Start of Material for this task
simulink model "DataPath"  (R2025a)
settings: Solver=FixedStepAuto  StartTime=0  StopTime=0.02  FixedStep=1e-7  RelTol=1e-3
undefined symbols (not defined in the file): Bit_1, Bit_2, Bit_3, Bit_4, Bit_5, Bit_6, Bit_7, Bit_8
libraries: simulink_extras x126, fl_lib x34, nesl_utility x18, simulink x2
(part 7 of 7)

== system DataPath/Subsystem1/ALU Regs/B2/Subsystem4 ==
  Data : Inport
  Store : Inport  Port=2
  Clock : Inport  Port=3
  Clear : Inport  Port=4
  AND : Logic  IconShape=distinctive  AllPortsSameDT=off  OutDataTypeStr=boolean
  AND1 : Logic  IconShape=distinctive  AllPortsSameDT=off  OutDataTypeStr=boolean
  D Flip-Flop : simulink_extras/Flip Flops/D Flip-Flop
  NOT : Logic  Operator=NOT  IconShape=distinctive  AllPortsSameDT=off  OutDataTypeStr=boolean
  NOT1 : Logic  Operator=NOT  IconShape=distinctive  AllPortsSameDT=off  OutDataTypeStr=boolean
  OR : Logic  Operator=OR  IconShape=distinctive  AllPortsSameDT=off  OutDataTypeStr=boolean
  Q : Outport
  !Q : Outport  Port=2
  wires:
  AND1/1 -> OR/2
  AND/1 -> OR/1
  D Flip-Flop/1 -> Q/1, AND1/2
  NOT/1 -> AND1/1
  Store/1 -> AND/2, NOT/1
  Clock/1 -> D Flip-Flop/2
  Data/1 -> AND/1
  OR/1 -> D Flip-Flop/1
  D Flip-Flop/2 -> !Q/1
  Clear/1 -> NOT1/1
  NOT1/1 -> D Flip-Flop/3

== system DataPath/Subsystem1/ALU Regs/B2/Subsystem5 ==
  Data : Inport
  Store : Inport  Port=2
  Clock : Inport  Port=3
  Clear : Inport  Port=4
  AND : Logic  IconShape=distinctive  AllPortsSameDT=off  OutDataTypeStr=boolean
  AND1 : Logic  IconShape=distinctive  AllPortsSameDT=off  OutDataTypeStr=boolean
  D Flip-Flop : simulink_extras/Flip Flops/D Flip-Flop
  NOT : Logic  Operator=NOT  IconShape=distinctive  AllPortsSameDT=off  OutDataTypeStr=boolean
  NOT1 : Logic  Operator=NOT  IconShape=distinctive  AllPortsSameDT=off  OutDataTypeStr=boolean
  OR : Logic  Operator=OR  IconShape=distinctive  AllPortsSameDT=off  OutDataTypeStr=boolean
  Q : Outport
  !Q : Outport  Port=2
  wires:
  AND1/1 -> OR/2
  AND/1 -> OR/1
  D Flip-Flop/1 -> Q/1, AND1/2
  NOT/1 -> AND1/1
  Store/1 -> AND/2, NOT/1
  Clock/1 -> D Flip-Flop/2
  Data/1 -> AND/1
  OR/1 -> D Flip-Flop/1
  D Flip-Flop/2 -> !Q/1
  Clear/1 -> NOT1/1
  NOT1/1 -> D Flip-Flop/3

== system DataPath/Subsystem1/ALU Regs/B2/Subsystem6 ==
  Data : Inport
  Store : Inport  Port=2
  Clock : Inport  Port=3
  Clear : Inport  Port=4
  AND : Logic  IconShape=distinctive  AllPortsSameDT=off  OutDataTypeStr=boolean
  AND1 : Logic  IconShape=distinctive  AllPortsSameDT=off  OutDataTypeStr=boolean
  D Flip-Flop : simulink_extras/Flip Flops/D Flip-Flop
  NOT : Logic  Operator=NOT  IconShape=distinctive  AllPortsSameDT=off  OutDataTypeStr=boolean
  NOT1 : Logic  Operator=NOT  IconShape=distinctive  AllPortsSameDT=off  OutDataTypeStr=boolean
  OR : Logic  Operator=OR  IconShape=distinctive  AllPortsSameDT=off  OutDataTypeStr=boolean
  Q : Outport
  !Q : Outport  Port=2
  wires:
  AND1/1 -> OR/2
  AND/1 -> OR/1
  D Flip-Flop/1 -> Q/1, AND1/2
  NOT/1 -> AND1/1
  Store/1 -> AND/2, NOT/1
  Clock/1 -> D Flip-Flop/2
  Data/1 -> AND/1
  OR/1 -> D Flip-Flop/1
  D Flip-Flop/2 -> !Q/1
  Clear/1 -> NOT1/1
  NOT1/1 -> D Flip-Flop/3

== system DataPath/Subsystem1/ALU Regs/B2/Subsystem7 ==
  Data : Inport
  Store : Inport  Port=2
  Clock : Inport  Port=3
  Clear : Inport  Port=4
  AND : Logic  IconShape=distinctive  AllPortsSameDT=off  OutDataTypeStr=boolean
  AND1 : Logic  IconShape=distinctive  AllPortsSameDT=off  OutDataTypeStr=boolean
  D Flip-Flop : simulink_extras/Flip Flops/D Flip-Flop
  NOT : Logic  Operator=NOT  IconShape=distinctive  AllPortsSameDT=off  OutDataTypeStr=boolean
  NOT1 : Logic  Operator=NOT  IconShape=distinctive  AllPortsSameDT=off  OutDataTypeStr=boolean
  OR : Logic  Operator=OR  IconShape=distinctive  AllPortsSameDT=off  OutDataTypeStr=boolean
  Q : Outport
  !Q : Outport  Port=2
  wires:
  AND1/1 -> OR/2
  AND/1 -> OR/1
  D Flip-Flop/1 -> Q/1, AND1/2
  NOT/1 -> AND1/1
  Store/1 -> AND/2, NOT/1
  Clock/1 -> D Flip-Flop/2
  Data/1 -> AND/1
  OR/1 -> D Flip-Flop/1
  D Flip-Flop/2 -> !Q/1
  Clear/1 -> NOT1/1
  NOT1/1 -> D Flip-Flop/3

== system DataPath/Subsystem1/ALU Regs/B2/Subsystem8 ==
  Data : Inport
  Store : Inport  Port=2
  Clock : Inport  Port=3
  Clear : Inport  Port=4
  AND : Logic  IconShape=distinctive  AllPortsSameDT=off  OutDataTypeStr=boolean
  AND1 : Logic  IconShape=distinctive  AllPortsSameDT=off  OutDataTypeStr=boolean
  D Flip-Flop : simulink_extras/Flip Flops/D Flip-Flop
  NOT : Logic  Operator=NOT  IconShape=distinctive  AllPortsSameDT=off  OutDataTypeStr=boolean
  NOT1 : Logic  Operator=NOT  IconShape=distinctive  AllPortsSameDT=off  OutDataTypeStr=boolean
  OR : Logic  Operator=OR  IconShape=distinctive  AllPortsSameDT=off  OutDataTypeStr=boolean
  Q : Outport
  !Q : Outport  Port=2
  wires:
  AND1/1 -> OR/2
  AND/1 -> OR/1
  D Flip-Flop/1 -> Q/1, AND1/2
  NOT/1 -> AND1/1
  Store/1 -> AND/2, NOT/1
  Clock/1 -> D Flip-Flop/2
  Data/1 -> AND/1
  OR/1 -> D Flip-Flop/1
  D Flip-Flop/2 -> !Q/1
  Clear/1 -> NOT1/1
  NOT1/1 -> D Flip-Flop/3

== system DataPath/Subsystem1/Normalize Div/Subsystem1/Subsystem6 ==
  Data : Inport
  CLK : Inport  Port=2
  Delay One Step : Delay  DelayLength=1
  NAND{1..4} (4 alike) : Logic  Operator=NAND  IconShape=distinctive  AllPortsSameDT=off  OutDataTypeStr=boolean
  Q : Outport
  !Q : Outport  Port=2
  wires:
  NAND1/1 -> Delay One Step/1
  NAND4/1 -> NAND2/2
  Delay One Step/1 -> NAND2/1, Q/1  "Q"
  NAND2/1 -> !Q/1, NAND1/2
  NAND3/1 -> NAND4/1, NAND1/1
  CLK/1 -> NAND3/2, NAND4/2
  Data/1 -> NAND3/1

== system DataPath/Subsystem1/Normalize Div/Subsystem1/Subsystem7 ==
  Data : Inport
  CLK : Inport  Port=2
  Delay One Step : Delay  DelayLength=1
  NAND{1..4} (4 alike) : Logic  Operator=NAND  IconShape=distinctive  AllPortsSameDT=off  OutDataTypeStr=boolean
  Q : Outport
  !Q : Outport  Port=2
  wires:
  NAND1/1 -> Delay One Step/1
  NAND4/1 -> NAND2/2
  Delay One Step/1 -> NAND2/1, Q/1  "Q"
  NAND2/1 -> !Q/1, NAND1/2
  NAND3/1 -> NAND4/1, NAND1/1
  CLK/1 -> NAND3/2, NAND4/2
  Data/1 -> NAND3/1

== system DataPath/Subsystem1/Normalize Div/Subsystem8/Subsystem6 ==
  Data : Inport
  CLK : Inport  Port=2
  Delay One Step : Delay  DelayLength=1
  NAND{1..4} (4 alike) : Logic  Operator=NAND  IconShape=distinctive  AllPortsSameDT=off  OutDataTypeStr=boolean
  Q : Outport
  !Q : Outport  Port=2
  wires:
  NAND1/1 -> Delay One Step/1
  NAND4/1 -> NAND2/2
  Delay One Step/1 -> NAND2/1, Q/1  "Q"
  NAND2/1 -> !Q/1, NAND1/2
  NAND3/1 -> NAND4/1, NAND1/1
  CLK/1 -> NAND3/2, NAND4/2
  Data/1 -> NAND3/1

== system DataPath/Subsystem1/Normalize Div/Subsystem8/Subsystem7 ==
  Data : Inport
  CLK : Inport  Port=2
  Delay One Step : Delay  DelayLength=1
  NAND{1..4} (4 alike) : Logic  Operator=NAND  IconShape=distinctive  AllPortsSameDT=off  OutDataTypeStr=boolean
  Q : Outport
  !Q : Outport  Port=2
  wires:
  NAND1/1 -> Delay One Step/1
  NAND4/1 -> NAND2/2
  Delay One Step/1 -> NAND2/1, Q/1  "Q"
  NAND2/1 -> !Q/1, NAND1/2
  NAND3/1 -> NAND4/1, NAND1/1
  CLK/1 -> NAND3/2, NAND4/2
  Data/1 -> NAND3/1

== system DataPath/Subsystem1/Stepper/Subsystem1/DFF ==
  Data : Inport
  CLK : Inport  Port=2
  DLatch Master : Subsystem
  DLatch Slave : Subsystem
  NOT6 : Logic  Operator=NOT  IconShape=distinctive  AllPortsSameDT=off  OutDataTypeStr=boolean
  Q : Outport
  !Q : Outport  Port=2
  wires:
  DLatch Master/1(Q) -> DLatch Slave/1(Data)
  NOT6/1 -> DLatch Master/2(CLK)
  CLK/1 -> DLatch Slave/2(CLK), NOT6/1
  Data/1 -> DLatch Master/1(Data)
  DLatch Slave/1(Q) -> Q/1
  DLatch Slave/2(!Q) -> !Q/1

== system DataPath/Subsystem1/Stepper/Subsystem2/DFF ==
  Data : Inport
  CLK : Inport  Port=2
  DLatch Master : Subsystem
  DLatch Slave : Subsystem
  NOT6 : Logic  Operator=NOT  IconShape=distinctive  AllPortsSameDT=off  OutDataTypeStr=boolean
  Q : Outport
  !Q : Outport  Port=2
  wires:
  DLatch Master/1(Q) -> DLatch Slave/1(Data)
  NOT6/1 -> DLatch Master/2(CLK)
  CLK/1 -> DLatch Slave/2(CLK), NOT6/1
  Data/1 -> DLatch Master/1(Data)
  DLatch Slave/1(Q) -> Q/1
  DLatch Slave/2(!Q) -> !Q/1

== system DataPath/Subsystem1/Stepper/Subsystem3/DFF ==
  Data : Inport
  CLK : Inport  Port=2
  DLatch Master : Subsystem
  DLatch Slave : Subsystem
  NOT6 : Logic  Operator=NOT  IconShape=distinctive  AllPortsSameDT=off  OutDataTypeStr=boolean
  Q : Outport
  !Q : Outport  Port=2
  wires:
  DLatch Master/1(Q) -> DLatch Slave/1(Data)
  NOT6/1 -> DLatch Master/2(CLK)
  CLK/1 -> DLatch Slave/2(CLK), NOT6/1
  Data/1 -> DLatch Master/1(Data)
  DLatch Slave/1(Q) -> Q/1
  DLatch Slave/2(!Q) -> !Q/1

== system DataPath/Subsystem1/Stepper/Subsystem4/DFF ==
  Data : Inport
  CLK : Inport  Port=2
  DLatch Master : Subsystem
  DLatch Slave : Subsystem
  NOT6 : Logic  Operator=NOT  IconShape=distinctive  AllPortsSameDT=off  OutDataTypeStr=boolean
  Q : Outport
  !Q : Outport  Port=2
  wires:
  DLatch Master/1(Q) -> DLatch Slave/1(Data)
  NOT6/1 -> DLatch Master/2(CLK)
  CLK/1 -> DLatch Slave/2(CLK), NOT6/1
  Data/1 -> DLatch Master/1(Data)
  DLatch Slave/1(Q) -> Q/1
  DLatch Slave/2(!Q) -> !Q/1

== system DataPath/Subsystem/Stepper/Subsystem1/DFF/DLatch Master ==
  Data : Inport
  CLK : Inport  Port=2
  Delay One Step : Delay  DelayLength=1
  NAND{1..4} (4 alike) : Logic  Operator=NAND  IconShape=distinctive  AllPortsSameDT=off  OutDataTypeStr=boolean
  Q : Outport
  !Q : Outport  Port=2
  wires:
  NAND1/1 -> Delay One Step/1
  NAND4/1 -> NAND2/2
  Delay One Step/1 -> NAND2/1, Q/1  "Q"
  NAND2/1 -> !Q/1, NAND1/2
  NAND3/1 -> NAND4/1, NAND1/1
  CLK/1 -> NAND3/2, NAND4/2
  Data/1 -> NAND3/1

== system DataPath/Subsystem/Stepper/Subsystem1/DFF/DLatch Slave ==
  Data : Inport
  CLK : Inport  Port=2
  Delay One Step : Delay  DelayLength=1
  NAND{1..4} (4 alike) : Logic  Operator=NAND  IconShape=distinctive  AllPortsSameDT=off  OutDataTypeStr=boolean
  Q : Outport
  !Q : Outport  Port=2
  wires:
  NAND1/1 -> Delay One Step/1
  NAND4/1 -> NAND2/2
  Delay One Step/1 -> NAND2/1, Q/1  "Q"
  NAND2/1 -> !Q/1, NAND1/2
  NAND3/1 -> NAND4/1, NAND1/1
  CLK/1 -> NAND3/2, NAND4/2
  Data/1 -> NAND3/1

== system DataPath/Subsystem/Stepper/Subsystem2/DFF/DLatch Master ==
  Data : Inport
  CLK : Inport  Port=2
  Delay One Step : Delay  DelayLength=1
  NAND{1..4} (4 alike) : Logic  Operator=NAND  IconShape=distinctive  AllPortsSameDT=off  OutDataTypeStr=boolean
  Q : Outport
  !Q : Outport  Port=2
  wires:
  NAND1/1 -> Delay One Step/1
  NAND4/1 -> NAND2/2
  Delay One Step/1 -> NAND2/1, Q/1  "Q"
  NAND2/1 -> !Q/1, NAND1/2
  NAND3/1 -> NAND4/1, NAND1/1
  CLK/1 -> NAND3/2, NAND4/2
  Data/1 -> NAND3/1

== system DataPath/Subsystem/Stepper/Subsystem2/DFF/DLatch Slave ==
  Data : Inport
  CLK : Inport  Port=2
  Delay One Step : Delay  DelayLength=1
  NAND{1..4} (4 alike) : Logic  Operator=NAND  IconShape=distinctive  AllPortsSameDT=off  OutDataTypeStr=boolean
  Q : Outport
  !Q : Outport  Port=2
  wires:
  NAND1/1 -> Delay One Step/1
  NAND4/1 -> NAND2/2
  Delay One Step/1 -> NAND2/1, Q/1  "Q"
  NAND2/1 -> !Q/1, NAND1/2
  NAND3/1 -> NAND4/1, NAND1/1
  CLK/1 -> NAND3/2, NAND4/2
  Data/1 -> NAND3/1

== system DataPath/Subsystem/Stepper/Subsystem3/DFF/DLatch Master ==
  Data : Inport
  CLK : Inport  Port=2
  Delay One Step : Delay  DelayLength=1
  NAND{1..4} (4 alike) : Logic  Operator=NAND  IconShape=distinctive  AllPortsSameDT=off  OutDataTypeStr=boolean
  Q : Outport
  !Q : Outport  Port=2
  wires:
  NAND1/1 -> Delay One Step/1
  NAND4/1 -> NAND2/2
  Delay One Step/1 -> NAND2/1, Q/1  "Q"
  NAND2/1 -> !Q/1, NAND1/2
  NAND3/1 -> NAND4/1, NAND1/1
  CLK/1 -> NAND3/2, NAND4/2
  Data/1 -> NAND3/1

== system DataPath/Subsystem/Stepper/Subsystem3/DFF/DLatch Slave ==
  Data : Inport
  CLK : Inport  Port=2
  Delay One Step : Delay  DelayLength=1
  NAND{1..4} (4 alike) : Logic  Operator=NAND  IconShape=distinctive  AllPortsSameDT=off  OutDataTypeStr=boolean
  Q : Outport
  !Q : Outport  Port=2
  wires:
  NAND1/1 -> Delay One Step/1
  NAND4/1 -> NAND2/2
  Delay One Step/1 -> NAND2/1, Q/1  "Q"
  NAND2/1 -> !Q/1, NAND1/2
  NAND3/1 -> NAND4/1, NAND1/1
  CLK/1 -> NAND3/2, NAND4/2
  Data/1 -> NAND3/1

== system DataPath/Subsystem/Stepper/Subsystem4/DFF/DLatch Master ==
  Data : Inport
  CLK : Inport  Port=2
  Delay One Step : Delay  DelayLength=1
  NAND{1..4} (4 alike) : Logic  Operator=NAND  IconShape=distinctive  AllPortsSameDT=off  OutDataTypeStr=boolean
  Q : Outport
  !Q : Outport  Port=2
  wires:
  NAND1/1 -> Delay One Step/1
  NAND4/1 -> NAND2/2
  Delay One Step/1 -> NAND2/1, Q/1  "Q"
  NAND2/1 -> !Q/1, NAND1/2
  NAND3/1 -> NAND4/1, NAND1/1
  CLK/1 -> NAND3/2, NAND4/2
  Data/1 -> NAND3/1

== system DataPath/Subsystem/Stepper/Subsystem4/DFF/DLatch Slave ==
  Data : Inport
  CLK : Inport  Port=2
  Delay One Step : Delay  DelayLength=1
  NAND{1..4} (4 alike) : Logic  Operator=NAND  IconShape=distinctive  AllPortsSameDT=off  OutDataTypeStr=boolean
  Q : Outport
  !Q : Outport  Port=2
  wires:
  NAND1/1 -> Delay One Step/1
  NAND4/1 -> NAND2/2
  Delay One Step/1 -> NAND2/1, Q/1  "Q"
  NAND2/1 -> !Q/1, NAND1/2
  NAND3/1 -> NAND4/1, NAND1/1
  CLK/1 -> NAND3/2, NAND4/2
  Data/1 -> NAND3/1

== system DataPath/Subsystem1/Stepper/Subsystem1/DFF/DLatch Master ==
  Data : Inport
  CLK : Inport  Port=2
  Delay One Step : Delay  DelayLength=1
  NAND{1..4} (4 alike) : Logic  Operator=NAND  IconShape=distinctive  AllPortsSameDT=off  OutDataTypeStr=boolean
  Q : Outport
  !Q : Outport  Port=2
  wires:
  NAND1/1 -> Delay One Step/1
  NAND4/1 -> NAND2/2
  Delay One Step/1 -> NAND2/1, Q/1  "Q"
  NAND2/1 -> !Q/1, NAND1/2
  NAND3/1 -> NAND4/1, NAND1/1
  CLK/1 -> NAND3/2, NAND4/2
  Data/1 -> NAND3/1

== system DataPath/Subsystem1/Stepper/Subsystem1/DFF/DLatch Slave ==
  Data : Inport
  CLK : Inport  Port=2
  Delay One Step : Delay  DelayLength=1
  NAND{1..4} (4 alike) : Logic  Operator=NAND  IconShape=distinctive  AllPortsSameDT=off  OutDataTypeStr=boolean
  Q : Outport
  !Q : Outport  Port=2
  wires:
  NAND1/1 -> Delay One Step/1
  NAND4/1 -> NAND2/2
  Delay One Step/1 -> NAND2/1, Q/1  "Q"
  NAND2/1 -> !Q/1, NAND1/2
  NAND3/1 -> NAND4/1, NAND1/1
End of Material for this task
For each line of the entries that includes "Regs", show that line.

* _Problem solution_:
== system DataPath/Subsystem1/ALU Regs/B2/Subsystem4 ==
== system DataPath/Subsystem1/ALU Regs/B2/Subsystem5 ==
== system DataPath/Subsystem1/ALU Regs/B2/Subsystem6 ==
== system DataPath/Subsystem1/ALU Regs/B2/Subsystem7 ==
== system DataPath/Subsystem1/ALU Regs/B2/Subsystem8 ==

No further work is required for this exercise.